The Canon Mudflaps are the exact ones for the FRP they suit the shape and fit perfectly unlike a lot of mudflaps out there.

90% of owners use these on the front to protect the rear arches.


























A little Grey and seemed to come very "Greasy"

So some a good clean and and scrub down 20:1 Surfex HD (Recent Purchase) Swissvax brush (new) couple of work cloths and some nice new C4!


















All done and in need of a good dry...










Terrible 50/50...


















And...










Few final shots just to show the sheer *permanent* gloss and shine, very impressed.


































Bit of a pissy thread but hey ho.

Anyway Gtechniq C4, fantastic. Very easy to use, more so than I thought. I really rushed to close the lid as tight as I could everytime I finished priming the pad. A little worried about it crystalising after the first bottle did it. 

A big thanks to Peter and Rob for sorting that out no problem, they are a cracking couple of blokes and are very easy to contact, I also wouldn't hesitate in recommending any of their products, especially C4.

More outer trims and C5 on the wheels soon.


----------



## catalin1984 (Feb 24, 2009)

They look very nice, i think even better then new


----------



## prokopas (Apr 29, 2010)

Nice work


----------



## woodym3 (Aug 30, 2009)

nice work. thanks for sharing.


----------



## gally (May 25, 2008)

You're welcome mate, amazing product.


----------



## Barnz (Jan 26, 2010)

nice work


----------



## -Raven- (Aug 26, 2010)

Looks like a nice product there Gally. Do you have any idea about durability of C4? I have got some use for this product, but the price puts me off to be honest.


----------



## Ojai (Feb 24, 2008)

fantastic job! Looking to purchase some Gtechniq products soon.


----------



## gally (May 25, 2008)

type[r]+ said:


> Looks like a nice product there Gally. Do you have any idea about durability of C4? I have got some use for this product, but the price puts me off to be honest.


Well some tests have shown up to 12 months and that's what Gtech claim.

Me? I don't doubt that for a second. You can tell it's the kind of product that's like nothing else you've seen before.
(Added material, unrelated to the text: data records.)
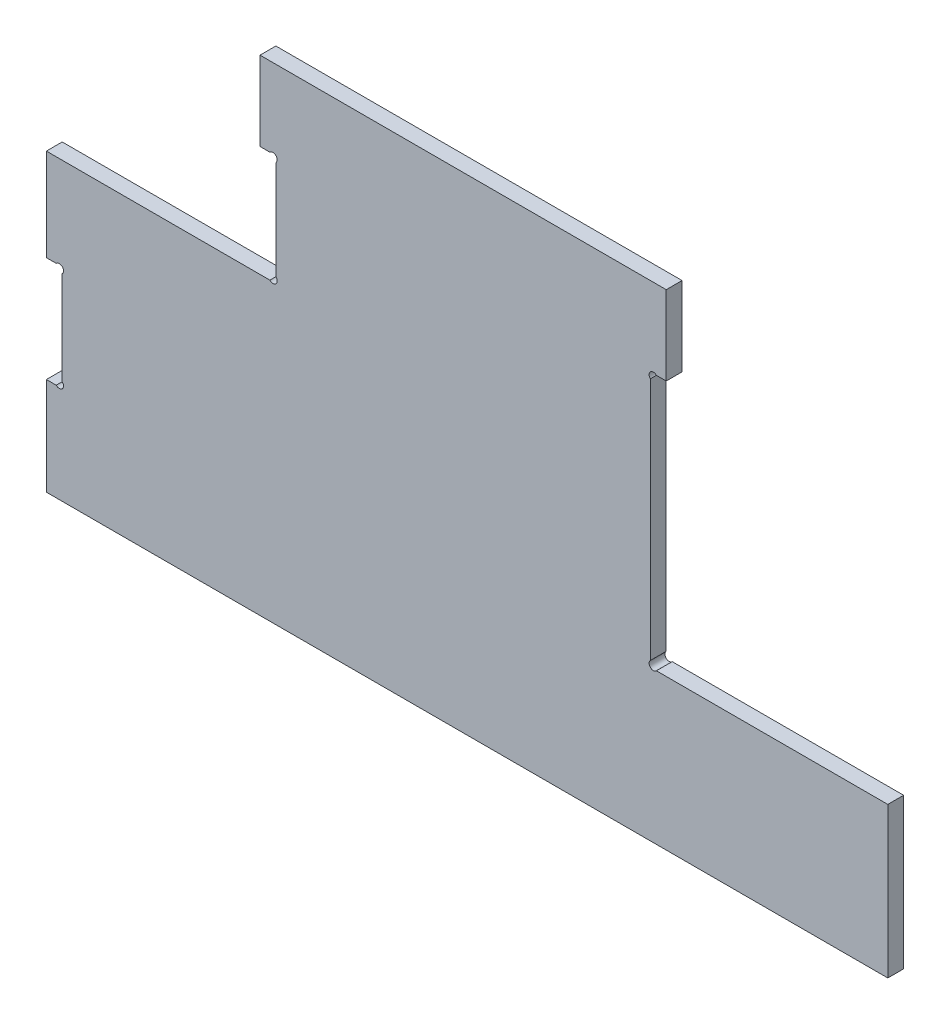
ISO-10303-21;
HEADER;
FILE_DESCRIPTION(('STEP AP214'),'2;1');
FILE_NAME('part.step','',(''),(''),'','','');
FILE_SCHEMA(('AUTOMOTIVE_DESIGN { 1 0 10303 214 1 1 1 1 }'));
ENDSEC;
DATA;
#1=APPLICATION_CONTEXT('core data for automotive mechanical design processes');
#2=APPLICATION_PROTOCOL_DEFINITION('international standard','automotive_design',2000,#1);
#3=PRODUCT_CONTEXT('',#1,'mechanical');
#4=PRODUCT('Part','Part','',(#3));
#5=PRODUCT_RELATED_PRODUCT_CATEGORY('part','',(#4));
#6=PRODUCT_DEFINITION_FORMATION('','',#4);
#7=PRODUCT_DEFINITION_CONTEXT('part definition',#1,'design');
#8=PRODUCT_DEFINITION('design','',#6,#7);
#9=PRODUCT_DEFINITION_SHAPE('','',#8);
#10=(LENGTH_UNIT() NAMED_UNIT(*) SI_UNIT(.MILLI.,.METRE.));
#11=(NAMED_UNIT(*) PLANE_ANGLE_UNIT() SI_UNIT($,.RADIAN.));
#12=(NAMED_UNIT(*) SI_UNIT($,.STERADIAN.) SOLID_ANGLE_UNIT());
#13=UNCERTAINTY_MEASURE_WITH_UNIT(LENGTH_MEASURE(1.E-05),#10,'distance_accuracy_value','');
#14=(GEOMETRIC_REPRESENTATION_CONTEXT(3) GLOBAL_UNCERTAINTY_ASSIGNED_CONTEXT((#13)) GLOBAL_UNIT_ASSIGNED_CONTEXT((#10,
#11,#12)) REPRESENTATION_CONTEXT('',''));
#15=CARTESIAN_POINT('',(0.,0.,0.));
#16=DIRECTION('',(0.,0.,1.));
#17=DIRECTION('',(1.,0.,0.));
#18=AXIS2_PLACEMENT_3D('',#15,#16,#17);
#19=CARTESIAN_POINT('',(-96.1825780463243,-108.030312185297,6.));
#20=DIRECTION('',(-1.,0.,0.));
#21=DIRECTION('',(0.,-1.,0.));
#22=AXIS2_PLACEMENT_3D('',#19,#20,#21);
#23=PLANE('',#22);
#24=DIRECTION('',(0.,0.,1.));
#25=VECTOR('',#24,1.);
#26=CARTESIAN_POINT('',(-96.1825780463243,-31.0303121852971,0.));
#27=LINE('',#26,#25);
#28=CARTESIAN_POINT('',(-96.1825780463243,-31.0303121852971,0.));
#29=VERTEX_POINT('',#28);
#30=CARTESIAN_POINT('',(-96.1825780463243,-31.0303121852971,6.));
#31=VERTEX_POINT('',#30);
#32=EDGE_CURVE('E219',#29,#31,#27,.T.);
#33=ORIENTED_EDGE('',*,*,#32,.T.);
#34=DIRECTION('',(0.,1.,0.));
#35=VECTOR('',#34,1.);
#36=CARTESIAN_POINT('',(-96.1825780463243,-108.030312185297,6.));
#37=LINE('',#36,#35);
#38=CARTESIAN_POINT('',(-96.1825780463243,3.96968781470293,6.));
#39=VERTEX_POINT('',#38);
#40=EDGE_CURVE('E222',#31,#39,#37,.T.);
#41=ORIENTED_EDGE('',*,*,#40,.T.);
#42=DIRECTION('',(0.,0.,-1.));
#43=VECTOR('',#42,1.);
#44=CARTESIAN_POINT('',(-96.1825780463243,3.96968781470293,6.));
#45=LINE('',#44,#43);
#46=CARTESIAN_POINT('',(-96.1825780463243,3.96968781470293,0.));
#47=VERTEX_POINT('',#46);
#48=EDGE_CURVE('E227',#39,#47,#45,.T.);
#49=ORIENTED_EDGE('',*,*,#48,.T.);
#50=DIRECTION('',(0.,-1.,0.));
#51=VECTOR('',#50,1.);
#52=CARTESIAN_POINT('',(-96.1825780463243,-108.030312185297,0.));
#53=LINE('',#52,#51);
#54=EDGE_CURVE('E230',#47,#29,#53,.T.);
#55=ORIENTED_EDGE('',*,*,#54,.T.);
#56=EDGE_LOOP('',(#33,#41,#49,#55));
#57=FACE_BOUND('',#56,.T.);
#58=ADVANCED_FACE('F32',(#57),#23,.T.);
#59=CARTESIAN_POINT('',(-15.1825780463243,75.9696878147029,6.));
#60=DIRECTION('',(1.,0.,0.));
#61=DIRECTION('',(0.,1.,0.));
#62=AXIS2_PLACEMENT_3D('',#59,#60,#61);
#63=PLANE('',#62);
#64=DIRECTION('',(0.,-1.,0.));
#65=VECTOR('',#64,1.);
#66=CARTESIAN_POINT('',(-15.1825780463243,75.9696878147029,0.));
#67=LINE('',#66,#65);
#68=CARTESIAN_POINT('',(-15.1825780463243,75.9696878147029,0.));
#69=VERTEX_POINT('',#68);
#70=CARTESIAN_POINT('',(-15.1825780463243,45.969687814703,0.));
#71=VERTEX_POINT('',#70);
#72=EDGE_CURVE('E264',#69,#71,#67,.T.);
#73=ORIENTED_EDGE('',*,*,#72,.T.);
#74=DIRECTION('',(0.,0.,1.));
#75=VECTOR('',#74,1.);
#76=CARTESIAN_POINT('',(-15.1825780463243,45.969687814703,0.));
#77=LINE('',#76,#75);
#78=CARTESIAN_POINT('',(-15.1825780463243,45.969687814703,6.));
#79=VERTEX_POINT('',#78);
#80=EDGE_CURVE('E196',#71,#79,#77,.T.);
#81=ORIENTED_EDGE('',*,*,#80,.T.);
#82=DIRECTION('',(0.,-1.,0.));
#83=VECTOR('',#82,1.);
#84=CARTESIAN_POINT('',(-15.1825780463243,75.9696878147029,6.));
#85=LINE('',#84,#83);
#86=CARTESIAN_POINT('',(-15.1825780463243,75.9696878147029,6.));
#87=VERTEX_POINT('',#86);
#88=EDGE_CURVE('E275',#87,#79,#85,.T.);
#89=ORIENTED_EDGE('',*,*,#88,.F.);
#90=DIRECTION('',(0.,0.,-1.));
#91=VECTOR('',#90,1.);
#92=CARTESIAN_POINT('',(-15.1825780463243,75.9696878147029,6.));
#93=LINE('',#92,#91);
#94=EDGE_CURVE('E279',#87,#69,#93,.T.);
#95=ORIENTED_EDGE('',*,*,#94,.T.);
#96=EDGE_LOOP('',(#73,#81,#89,#95));
#97=FACE_BOUND('',#96,.T.);
#98=ADVANCED_FACE('F408',(#97),#63,.F.);
#99=CARTESIAN_POINT('',(132.817421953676,75.9696878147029,6.));
#100=DIRECTION('',(-1.,0.,0.));
#101=DIRECTION('',(0.,-1.,0.));
#102=AXIS2_PLACEMENT_3D('',#99,#100,#101);
#103=PLANE('',#102);
#104=DIRECTION('',(0.,1.,0.));
#105=VECTOR('',#104,1.);
#106=CARTESIAN_POINT('',(132.817421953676,75.9696878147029,0.));
#107=LINE('',#106,#105);
#108=CARTESIAN_POINT('',(132.817421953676,-48.7684171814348,0.));
#109=VERTEX_POINT('',#108);
#110=CARTESIAN_POINT('',(132.817421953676,43.7077928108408,0.));
#111=VERTEX_POINT('',#110);
#112=EDGE_CURVE('E259',#109,#111,#107,.T.);
#113=ORIENTED_EDGE('',*,*,#112,.T.);
#114=DIRECTION('',(0.,0.,-1.));
#115=VECTOR('',#114,1.);
#116=CARTESIAN_POINT('',(132.817421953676,43.7077928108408,6.));
#117=LINE('',#116,#115);
#118=CARTESIAN_POINT('',(132.817421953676,43.7077928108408,6.));
#119=VERTEX_POINT('',#118);
#120=EDGE_CURVE('E355',#111,#119,#117,.F.);
#121=ORIENTED_EDGE('',*,*,#120,.T.);
#122=DIRECTION('',(0.,1.,0.));
#123=VECTOR('',#122,1.);
#124=CARTESIAN_POINT('',(132.817421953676,75.9696878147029,6.));
#125=LINE('',#124,#123);
#126=CARTESIAN_POINT('',(132.817421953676,-48.7684171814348,6.));
#127=VERTEX_POINT('',#126);
#128=EDGE_CURVE('E457',#127,#119,#125,.T.);
#129=ORIENTED_EDGE('',*,*,#128,.F.);
#130=DIRECTION('',(0.,0.,-1.));
#131=VECTOR('',#130,1.);
#132=CARTESIAN_POINT('',(132.817421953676,-48.7684171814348,6.));
#133=LINE('',#132,#131);
#134=EDGE_CURVE('E364',#127,#109,#133,.T.);
#135=ORIENTED_EDGE('',*,*,#134,.T.);
#136=EDGE_LOOP('',(#113,#121,#129,#135));
#137=FACE_BOUND('',#136,.T.);
#138=ADVANCED_FACE('F413',(#137),#103,.F.);
#139=CARTESIAN_POINT('',(222.817421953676,-51.030312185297,6.));
#140=DIRECTION('',(-1.,0.,0.));
#141=DIRECTION('',(0.,0.,1.));
#142=AXIS2_PLACEMENT_3D('',#139,#140,#141);
#143=PLANE('',#142);
#144=DIRECTION('',(0.,1.,0.));
#145=VECTOR('',#144,1.);
#146=CARTESIAN_POINT('',(222.817421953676,-51.030312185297,0.));
#147=LINE('',#146,#145);
#148=CARTESIAN_POINT('',(222.817421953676,-108.030312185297,0.));
#149=VERTEX_POINT('',#148);
#150=CARTESIAN_POINT('',(222.817421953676,-51.030312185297,0.));
#151=VERTEX_POINT('',#150);
#152=EDGE_CURVE('E254',#149,#151,#147,.T.);
#153=ORIENTED_EDGE('',*,*,#152,.T.);
#154=DIRECTION('',(0.,0.,-1.));
#155=VECTOR('',#154,1.);
#156=CARTESIAN_POINT('',(222.817421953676,-51.030312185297,6.));
#157=LINE('',#156,#155);
#158=CARTESIAN_POINT('',(222.817421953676,-51.030312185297,6.));
#159=VERTEX_POINT('',#158);
#160=EDGE_CURVE('E287',#159,#151,#157,.T.);
#161=ORIENTED_EDGE('',*,*,#160,.F.);
#162=DIRECTION('',(0.,1.,0.));
#163=VECTOR('',#162,1.);
#164=CARTESIAN_POINT('',(222.817421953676,-51.030312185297,6.));
#165=LINE('',#164,#163);
#166=CARTESIAN_POINT('',(222.817421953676,-108.030312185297,6.));
#167=VERTEX_POINT('',#166);
#168=EDGE_CURVE('E455',#167,#159,#165,.T.);
#169=ORIENTED_EDGE('',*,*,#168,.F.);
#170=DIRECTION('',(0.,0.,-1.));
#171=VECTOR('',#170,1.);
#172=CARTESIAN_POINT('',(222.817421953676,-108.030312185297,6.));
#173=LINE('',#172,#171);
#174=EDGE_CURVE('E273',#167,#149,#173,.T.);
#175=ORIENTED_EDGE('',*,*,#174,.T.);
#176=EDGE_LOOP('',(#153,#161,#169,#175));
#177=FACE_BOUND('',#176,.T.);
#178=ADVANCED_FACE('F34',(#177),#143,.F.);
#179=CARTESIAN_POINT('',(132.817421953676,-51.030312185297,6.));
#180=DIRECTION('',(0.,-1.,0.));
#181=DIRECTION('',(0.,0.,-1.));
#182=AXIS2_PLACEMENT_3D('',#179,#180,#181);
#183=PLANE('',#182);
#184=DIRECTION('',(-1.,0.,0.));
#185=VECTOR('',#184,1.);
#186=CARTESIAN_POINT('',(132.817421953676,-51.030312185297,0.));
#187=LINE('',#186,#185);
#188=CARTESIAN_POINT('',(135.079316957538,-51.030312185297,0.));
#189=VERTEX_POINT('',#188);
#190=EDGE_CURVE('E256',#151,#189,#187,.T.);
#191=ORIENTED_EDGE('',*,*,#190,.T.);
#192=DIRECTION('',(0.,0.,-1.));
#193=VECTOR('',#192,1.);
#194=CARTESIAN_POINT('',(135.079316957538,-51.030312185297,6.));
#195=LINE('',#194,#193);
#196=CARTESIAN_POINT('',(135.079316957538,-51.030312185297,6.));
#197=VERTEX_POINT('',#196);
#198=EDGE_CURVE('E361',#189,#197,#195,.F.);
#199=ORIENTED_EDGE('',*,*,#198,.T.);
#200=DIRECTION('',(-1.,0.,0.));
#201=VECTOR('',#200,1.);
#202=CARTESIAN_POINT('',(132.817421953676,-51.030312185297,6.));
#203=LINE('',#202,#201);
#204=EDGE_CURVE('E456',#159,#197,#203,.T.);
#205=ORIENTED_EDGE('',*,*,#204,.F.);
#206=ORIENTED_EDGE('',*,*,#160,.T.);
#207=EDGE_LOOP('',(#191,#199,#205,#206));
#208=FACE_BOUND('',#207,.T.);
#209=ADVANCED_FACE('F446',(#208),#183,.F.);
#210=CARTESIAN_POINT('',(-15.1825780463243,75.9696878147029,6.));
#211=DIRECTION('',(0.,-1.,0.));
#212=DIRECTION('',(0.,0.,-1.));
#213=AXIS2_PLACEMENT_3D('',#210,#211,#212);
#214=PLANE('',#213);
#215=DIRECTION('',(-1.,0.,0.));
#216=VECTOR('',#215,1.);
#217=CARTESIAN_POINT('',(-15.1825780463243,75.9696878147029,0.));
#218=LINE('',#217,#216);
#219=CARTESIAN_POINT('',(138.817421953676,75.969687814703,0.));
#220=VERTEX_POINT('',#219);
#221=EDGE_CURVE('E262',#220,#69,#218,.T.);
#222=ORIENTED_EDGE('',*,*,#221,.T.);
#223=ORIENTED_EDGE('',*,*,#94,.F.);
#224=DIRECTION('',(-1.,0.,0.));
#225=VECTOR('',#224,1.);
#226=CARTESIAN_POINT('',(-15.1825780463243,75.9696878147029,6.));
#227=LINE('',#226,#225);
#228=CARTESIAN_POINT('',(138.817421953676,75.969687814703,6.));
#229=VERTEX_POINT('',#228);
#230=EDGE_CURVE('E280',#229,#87,#227,.T.);
#231=ORIENTED_EDGE('',*,*,#230,.F.);
#232=DIRECTION('',(0.,0.,1.));
#233=VECTOR('',#232,1.);
#234=CARTESIAN_POINT('',(138.817421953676,75.969687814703,6.));
#235=LINE('',#234,#233);
#236=EDGE_CURVE('E245',#220,#229,#235,.T.);
#237=ORIENTED_EDGE('',*,*,#236,.F.);
#238=EDGE_LOOP('',(#222,#223,#231,#237));
#239=FACE_BOUND('',#238,.T.);
#240=ADVANCED_FACE('F441',(#239),#214,.F.);
#241=CARTESIAN_POINT('',(118.817421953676,-108.030312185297,6.));
#242=DIRECTION('',(0.,1.,0.));
#243=DIRECTION('',(-1.,0.,0.));
#244=AXIS2_PLACEMENT_3D('',#241,#242,#243);
#245=PLANE('',#244);
#246=DIRECTION('',(1.,0.,0.));
#247=VECTOR('',#246,1.);
#248=CARTESIAN_POINT('',(118.817421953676,-108.030312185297,0.));
#249=LINE('',#248,#247);
#250=CARTESIAN_POINT('',(-96.1825780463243,-108.030312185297,0.));
#251=VERTEX_POINT('',#250);
#252=EDGE_CURVE('E267',#251,#149,#249,.T.);
#253=ORIENTED_EDGE('',*,*,#252,.T.);
#254=ORIENTED_EDGE('',*,*,#174,.F.);
#255=DIRECTION('',(1.,0.,0.));
#256=VECTOR('',#255,1.);
#257=CARTESIAN_POINT('',(222.817421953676,-108.030312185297,6.));
#258=LINE('',#257,#256);
#259=CARTESIAN_POINT('',(-96.1825780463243,-108.030312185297,6.));
#260=VERTEX_POINT('',#259);
#261=EDGE_CURVE('E460',#260,#167,#258,.T.);
#262=ORIENTED_EDGE('',*,*,#261,.F.);
#263=DIRECTION('',(0.,0.,1.));
#264=VECTOR('',#263,1.);
#265=CARTESIAN_POINT('',(-96.1825780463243,-108.030312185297,6.));
#266=LINE('',#265,#264);
#267=EDGE_CURVE('E233',#251,#260,#266,.T.);
#268=ORIENTED_EDGE('',*,*,#267,.F.);
#269=EDGE_LOOP('',(#253,#254,#262,#268));
#270=FACE_BOUND('',#269,.T.);
#271=ADVANCED_FACE('F439',(#270),#245,.F.);
#272=CARTESIAN_POINT('',(132.817421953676,-108.030312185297,6.));
#273=DIRECTION('',(0.,0.,1.));
#274=DIRECTION('',(1.,0.,0.));
#275=AXIS2_PLACEMENT_3D('',#272,#273,#274);
#276=PLANE('',#275);
#277=CARTESIAN_POINT('',(-10.2825780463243,5.06968781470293,6.));
#278=DIRECTION('',(0.,0.,-1.));
#279=DIRECTION('',(-1.,0.,0.));
#280=AXIS2_PLACEMENT_3D('',#277,#278,#279);
#281=CIRCLE('',#280,1.6);
#282=CARTESIAN_POINT('',(-9.18257804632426,6.23158281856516,6.));
#283=VERTEX_POINT('',#282);
#284=CARTESIAN_POINT('',(-11.4444730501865,3.96968781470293,6.));
#285=VERTEX_POINT('',#284);
#286=EDGE_CURVE('E47',#283,#285,#281,.T.);
#287=ORIENTED_EDGE('',*,*,#286,.T.);
#288=DIRECTION('',(1.,0.,0.));
#289=VECTOR('',#288,1.);
#290=CARTESIAN_POINT('',(-96.1825780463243,3.96968781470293,6.));
#291=LINE('',#290,#289);
#292=EDGE_CURVE('E240',#39,#285,#291,.T.);
#293=ORIENTED_EDGE('',*,*,#292,.F.);
#294=ORIENTED_EDGE('',*,*,#40,.F.);
#295=DIRECTION('',(-1.,0.,0.));
#296=VECTOR('',#295,1.);
#297=CARTESIAN_POINT('',(-96.1825780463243,-31.0303121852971,6.));
#298=LINE('',#297,#296);
#299=CARTESIAN_POINT('',(-92.4444730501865,-31.0303121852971,6.));
#300=VERTEX_POINT('',#299);
#301=EDGE_CURVE('E209',#300,#31,#298,.T.);
#302=ORIENTED_EDGE('',*,*,#301,.F.);
#303=CARTESIAN_POINT('',(-91.2825780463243,-32.1303121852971,6.));
#304=DIRECTION('',(0.,0.,-1.));
#305=DIRECTION('',(-1.,0.,0.));
#306=AXIS2_PLACEMENT_3D('',#303,#304,#305);
#307=CIRCLE('',#306,1.60000000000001);
#308=CARTESIAN_POINT('',(-90.1825780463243,-33.2922071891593,6.));
#309=VERTEX_POINT('',#308);
#310=EDGE_CURVE('E345',#300,#309,#307,.T.);
#311=ORIENTED_EDGE('',*,*,#310,.T.);
#312=DIRECTION('',(0.,1.,0.));
#313=VECTOR('',#312,1.);
#314=CARTESIAN_POINT('',(-90.1825780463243,-31.0303121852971,6.));
#315=LINE('',#314,#313);
#316=CARTESIAN_POINT('',(-90.1825780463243,-68.7684171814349,6.));
#317=VERTEX_POINT('',#316);
#318=EDGE_CURVE('E207',#317,#309,#315,.T.);
#319=ORIENTED_EDGE('',*,*,#318,.F.);
#320=CARTESIAN_POINT('',(-91.2825780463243,-69.9303121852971,6.));
#321=DIRECTION('',(0.,0.,-1.));
#322=DIRECTION('',(-1.,0.,0.));
#323=AXIS2_PLACEMENT_3D('',#320,#321,#322);
#324=CIRCLE('',#323,1.60000000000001);
#325=CARTESIAN_POINT('',(-92.4444730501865,-71.0303121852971,6.));
#326=VERTEX_POINT('',#325);
#327=EDGE_CURVE('E332',#317,#326,#324,.T.);
#328=ORIENTED_EDGE('',*,*,#327,.T.);
#329=DIRECTION('',(1.,0.,0.));
#330=VECTOR('',#329,1.);
#331=CARTESIAN_POINT('',(-96.1825780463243,-71.0303121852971,6.));
#332=LINE('',#331,#330);
#333=CARTESIAN_POINT('',(-96.1825780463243,-71.0303121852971,6.));
#334=VERTEX_POINT('',#333);
#335=EDGE_CURVE('E204',#334,#326,#332,.T.);
#336=ORIENTED_EDGE('',*,*,#335,.F.);
#337=EDGE_CURVE('E224',#260,#334,#37,.T.);
#338=ORIENTED_EDGE('',*,*,#337,.F.);
#339=ORIENTED_EDGE('',*,*,#261,.T.);
#340=ORIENTED_EDGE('',*,*,#168,.T.);
#341=ORIENTED_EDGE('',*,*,#204,.T.);
#342=CARTESIAN_POINT('',(133.917421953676,-49.930312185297,6.));
#343=DIRECTION('',(0.,0.,-1.));
#344=DIRECTION('',(-1.,0.,0.));
#345=AXIS2_PLACEMENT_3D('',#342,#343,#344);
#346=CIRCLE('',#345,1.60000000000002);
#347=EDGE_CURVE('E358',#197,#127,#346,.T.);
#348=ORIENTED_EDGE('',*,*,#347,.T.);
#349=ORIENTED_EDGE('',*,*,#128,.T.);
#350=CARTESIAN_POINT('',(133.917421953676,44.869687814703,6.));
#351=DIRECTION('',(0.,0.,-1.));
#352=DIRECTION('',(-1.,0.,0.));
#353=AXIS2_PLACEMENT_3D('',#350,#351,#352);
#354=CIRCLE('',#353,1.59999999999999);
#355=CARTESIAN_POINT('',(135.079316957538,45.969687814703,6.));
#356=VERTEX_POINT('',#355);
#357=EDGE_CURVE('E352',#119,#356,#354,.T.);
#358=ORIENTED_EDGE('',*,*,#357,.T.);
#359=DIRECTION('',(-1.,0.,0.));
#360=VECTOR('',#359,1.);
#361=CARTESIAN_POINT('',(138.817421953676,45.969687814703,6.));
#362=LINE('',#361,#360);
#363=CARTESIAN_POINT('',(138.817421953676,45.969687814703,6.));
#364=VERTEX_POINT('',#363);
#365=EDGE_CURVE('E251',#364,#356,#362,.T.);
#366=ORIENTED_EDGE('',*,*,#365,.F.);
#367=DIRECTION('',(0.,-1.,0.));
#368=VECTOR('',#367,1.);
#369=CARTESIAN_POINT('',(138.817421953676,75.969687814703,6.));
#370=LINE('',#369,#368);
#371=EDGE_CURVE('E236',#229,#364,#370,.T.);
#372=ORIENTED_EDGE('',*,*,#371,.F.);
#373=ORIENTED_EDGE('',*,*,#230,.T.);
#374=ORIENTED_EDGE('',*,*,#88,.T.);
#375=DIRECTION('',(-1.,0.,0.));
#376=VECTOR('',#375,1.);
#377=CARTESIAN_POINT('',(-15.1825780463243,45.969687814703,6.));
#378=LINE('',#377,#376);
#379=CARTESIAN_POINT('',(-11.4444730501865,45.969687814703,6.));
#380=VERTEX_POINT('',#379);
#381=EDGE_CURVE('E194',#380,#79,#378,.T.);
#382=ORIENTED_EDGE('',*,*,#381,.F.);
#383=CARTESIAN_POINT('',(-10.2825780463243,44.869687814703,6.));
#384=DIRECTION('',(0.,0.,-1.));
#385=DIRECTION('',(-1.,0.,0.));
#386=AXIS2_PLACEMENT_3D('',#383,#384,#385);
#387=CIRCLE('',#386,1.6);
#388=CARTESIAN_POINT('',(-9.18257804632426,43.7077928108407,6.));
#389=VERTEX_POINT('',#388);
#390=EDGE_CURVE('E369',#380,#389,#387,.T.);
#391=ORIENTED_EDGE('',*,*,#390,.T.);
#392=DIRECTION('',(0.,1.,0.));
#393=VECTOR('',#392,1.);
#394=CARTESIAN_POINT('',(-9.18257804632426,45.969687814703,6.));
#395=LINE('',#394,#393);
#396=EDGE_CURVE('E198',#283,#389,#395,.T.);
#397=ORIENTED_EDGE('',*,*,#396,.F.);
#398=EDGE_LOOP('',(#287,#293,#294,#302,#311,#319,#328,#336,#338,#339,#340,#341,#348,#349,#358,
#366,#372,#373,#374,#382,#391,#397));
#399=FACE_BOUND('',#398,.T.);
#400=ADVANCED_FACE('F329',(#399),#276,.T.);
#401=CARTESIAN_POINT('',(132.817421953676,-108.030312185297,0.));
#402=DIRECTION('',(0.,0.,1.));
#403=DIRECTION('',(1.,0.,0.));
#404=AXIS2_PLACEMENT_3D('',#401,#402,#403);
#405=PLANE('',#404);
#406=DIRECTION('',(1.,0.,0.));
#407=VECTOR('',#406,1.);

Dressing trims is such a crap job so do it once then sell the bottle. You use so little of you could do a whole Mini and hardly make a dent in it.

To put it in perspective, I did all those 4 pieces, 8 side with 2 quick timps of the bottle to the pad. Unreal.


----------



## rorz_vts (Sep 8, 2010)

gally said:


> Well some tests have shown up to 12 months and that's what Gtech claim.
> 
> Me? I don't doubt that for a second. You can tell it's the kind of product that's like nothing else you've seen before. Dressing trims is such a crap job so do it once then sell the bottle. You use so little of you could do a whole Mini and hardly make a dent in it.
> 
> To put it in perspective, I did all those 4 pieces, 8 side with 2 quick timps of the bottle to the pad. Unreal.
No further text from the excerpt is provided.